Twenty-Five Years of Digitization and Innovation

Joe Mesco at Scanner

Twenty-five years since the donation that launched the university’s first major digitization project, the scanning activities of the Libraries have expanded to offer more options and greater capabilities. 

In August 1994, Carnegie Mellon University received a gift of more than $1 million to develop an electronic, historical archive of the papers of the late Senator H. John Heinz III of Pennsylvania. Funded by the Teresa and H. John Heinz III Foundation, Heinz Company Foundation, and the Howard and Vira I. Heinz Endowments, Heinz Electronic Library Interactive Online System (HELIOS) represented at the time one of the country’s most exhaustive and comprehensive projects to systematically digitize textual documents for preservation, access and scholarship purposes.

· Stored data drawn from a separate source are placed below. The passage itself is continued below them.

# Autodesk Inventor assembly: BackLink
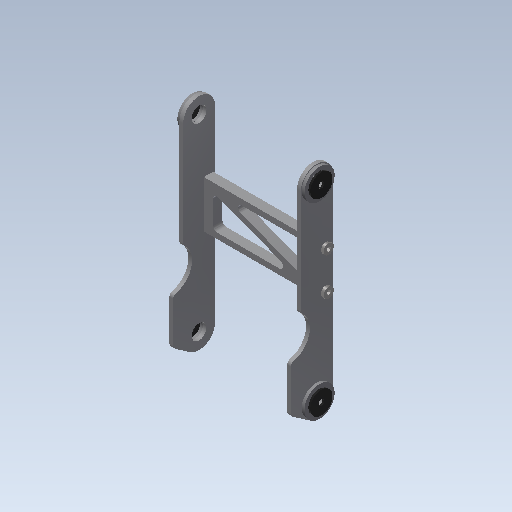
[picture p0: Inventor's stored thumbnail of the model, 512x512]
Saved by Autodesk Inventor 2020.4 (Build 244396000, 396)
## iProperties
Created: 2016-08-23
Part Number: BackLink
Material: 一般
Document SubType Name: Assembly
Designer: hiro
Mass: 27.0677 g
Surface Area: 148.123 cm^2
Volume: 12.1706 cm^3
Density: 2.22402 g/cm^3
Author: hiro
## Documents named in this file (6)
- C:\Users\Masato\Documents\Inventor\CIT Brains_Inventor\OpenPlatform_ver3_0\LowerBody\Link\BackLink.iam
- C:\Users\Masato\Documents\Inventor\CIT Brains_Inventor\OpenPlatform_ver3_0\LowerBody\Link\BackLink_diagonal.ipt
- C:\Users\Masato\Documents\Inventor\CIT Brains_Inventor\OpenPlatform_ver3_0\Ready_Made\UUW-0312-10BH.ipt
- C:\Users\Masato\Documents\Inventor\CIT Brains_Inventor\OpenPlatform_ver3_0\Ready_Made\LFW-0815.ipt
- C:\Users\Masato\Documents\Inventor\CIT Brains_Inventor\OpenPlatform_ver3_0\Ready_Made\Screw\M3-6.ipt
- C:\Users\Masato\Documents\Inventor\CIT Brains_Inventor\OpenPlatform_ver3_0\LowerBody\Link\BackLink_frame.ipt
## Components (15 placed, 5 different names)
1. UUW-0312-10BH:1 — 挿入:30
2. UUW-0312-10BH:2 — 挿入:29
3. UUW-0312-10BH:3 — 挿入:20
4. UUW-0312-10BH:4 — 挿入:19
5. LFW-0815:1 — 挿入:20, 挿入:36
6. LFW-0815:2 — 挿入:19, 挿入:42
7. BackLink_diagonal:1 — 挿入:31, 挿入:32, 挿入:33, 挿入:34, フラッシュ:1, メイト:1
8. LFW-0815:3 — 挿入:29, 挿入:35
9. LFW-0815:4 — 挿入:30, 挿入:39
10. M3-6:1 — 挿入:38
11. M3-6:2 — 挿入:37
12. M3-6:3 — 挿入:41
13. M3-6:4 — 挿入:40
14. BackLink_frame:1 — 挿入:33, 挿入:34, 挿入:35, 挿入:36, 挿入:37, 挿入:38
15. BackLink_frame:2 — 挿入:31, 挿入:32, 挿入:39, 挿入:40, 挿入:41, 挿入:42, フラッシュ:2
## Relationships (19: Insert 16, Flush 2, Mate 1)
- 挿入:19 [Insert]: UUW-0312-10BH:4 ↔ LFW-0815:2
- 挿入:20 [Insert]: UUW-0312-10BH:3 ↔ LFW-0815:1
- 挿入:29 [Insert]: UUW-0312-10BH:2 ↔ LFW-0815:3
- 挿入:30 [Insert]: UUW-0312-10BH:1 ↔ LFW-0815:4
- 挿入:31 [Insert]: BackLink_diagonal:1 ↔ BackLink_frame:2
- 挿入:32 [Insert]: BackLink_diagonal:1 ↔ BackLink_frame:2
- 挿入:33 [Insert]: BackLink_diagonal:1 ↔ BackLink_frame:1
- 挿入:34 [Insert]: BackLink_diagonal:1 ↔ BackLink_frame:1
- 挿入:35 [Insert]: LFW-0815:3 ↔ BackLink_frame:1
- 挿入:36 [Insert]: LFW-0815:1 ↔ BackLink_frame:1
- 挿入:37 [Insert]: M3-6:2 ↔ BackLink_frame:1
- 挿入:38 [Insert]: M3-6:1 ↔ BackLink_frame:1
- 挿入:39 [Insert]: LFW-0815:4 ↔ BackLink_frame:2
- 挿入:40 [Insert]: M3-6:4 ↔ BackLink_frame:2
- 挿入:41 [Insert]: M3-6:3 ↔ BackLink_frame:2
- 挿入:42 [Insert]: LFW-0815:2 ↔ BackLink_frame:2
- フラッシュ:1 [Flush]: BackLink_diagonal:1
- メイト:1 [Mate]: BackLink_diagonal:1
- フラッシュ:2 [Flush]: BackLink_frame:2
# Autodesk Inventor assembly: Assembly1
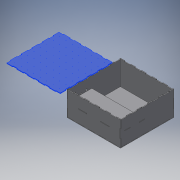
[picture p0: Inventor's stored thumbnail of the model, 180x180]
Saved by Autodesk Inventor 2016 (Build 200138000, 138)
## iProperties
Created: 2016-12-12
Part Number: Assembly1
Document SubType Name: Assembly
Designer: NacostaMobile
Author: NacostaMobile
## Documents named in this file (8)
- D:\Nacosta\Documents\UC\La resistencia\Cubo\Assembly1.iam
- D:\Nacosta\Documents\UC\La resistencia\Cubo\Btapa.ipt
- D:\Nacosta\Documents\UC\La resistencia\Cubo\latGenerico.ipt
- D:\Nacosta\Documents\UC\La resistencia\Cubo\latBack.ipt
- D:\Nacosta\Documents\UC\La resistencia\Cubo\latPort.ipt
- D:\Nacosta\Documents\UC\La resistencia\Cubo\latOpSupp.ipt
- D:\Nacosta\Documents\UC\La resistencia\Cubo\InSupp.ipt
- D:\Nacosta\Documents\UC\La resistencia\Cubo\BtapaHole.ipt
## Components (7 placed, 7 different names)
1. Btapa:1 — Mate:1, Mate:2, Mate:3, Mate:5, Mate:6
2. latBack:1 — Mate:5, Mate:10
3. latPort:1 — Mate:3, Mate:4, Mate:9
4. latOpSupp:1 — Mate:6, Mate:7, Mate:8
5. InSupp:1 — Mate:7, Mate:8, Mate:9, Mate:10
6. latGenerico:1 — Mate:1, Mate:2, Mate:4
7. BtapaHole:1
## Relationships (10: Mate 10)
- Mate:1: Btapa:1 ↔ latGenerico:1
- Mate:2: Btapa:1 ↔ latGenerico:1
- Mate:3: Btapa:1 ↔ latPort:1
- Mate:4: latPort:1 ↔ latGenerico:1
- Mate:5: Btapa:1 ↔ latBack:1
- Mate:6: Btapa:1 ↔ latOpSupp:1
- Mate:7: latOpSupp:1 ↔ InSupp:1
- Mate:8: latOpSupp:1 ↔ InSupp:1
- Mate:9: latPort:1 ↔ InSupp:1
- Mate:10: latBack:1 ↔ InSupp:1

HELIOS was unveiled in January 1998 after 700,000 pages scanned and four years of collaborative efforts between the University Libraries, the university’s Laboratory for Computational Linguistics (LCL), and CLARITECH, a text-retrieval and information-management company that had its origins at CMU. It radically altered the status quo by presenting images of the documents in a conventional manner, while also providing access to the content of the documents using natural language processing (NLP) software developed at the university.

Then-University Librarian Charles B. Lowry stated, in a 1994 press release, "We expect to create an archival information-technology environment that dramatically increases the depth of indexing and the quality of retrieval beyond what archiving resources have traditionally allowed."  

In the twenty-five years since the original gift from the Heinz Foundations, that vision has been realized. With the emergence of the web and ebooks, academic libraries began to transform–shifting away from the collection of books and focusing on enabling access to the institution’s rare and unique materials. Gabrielle V. Michalek, creator of the Libraries' Digitization Lab, spent two decades identifying suitable projects for digitization and raising soft money to support these efforts.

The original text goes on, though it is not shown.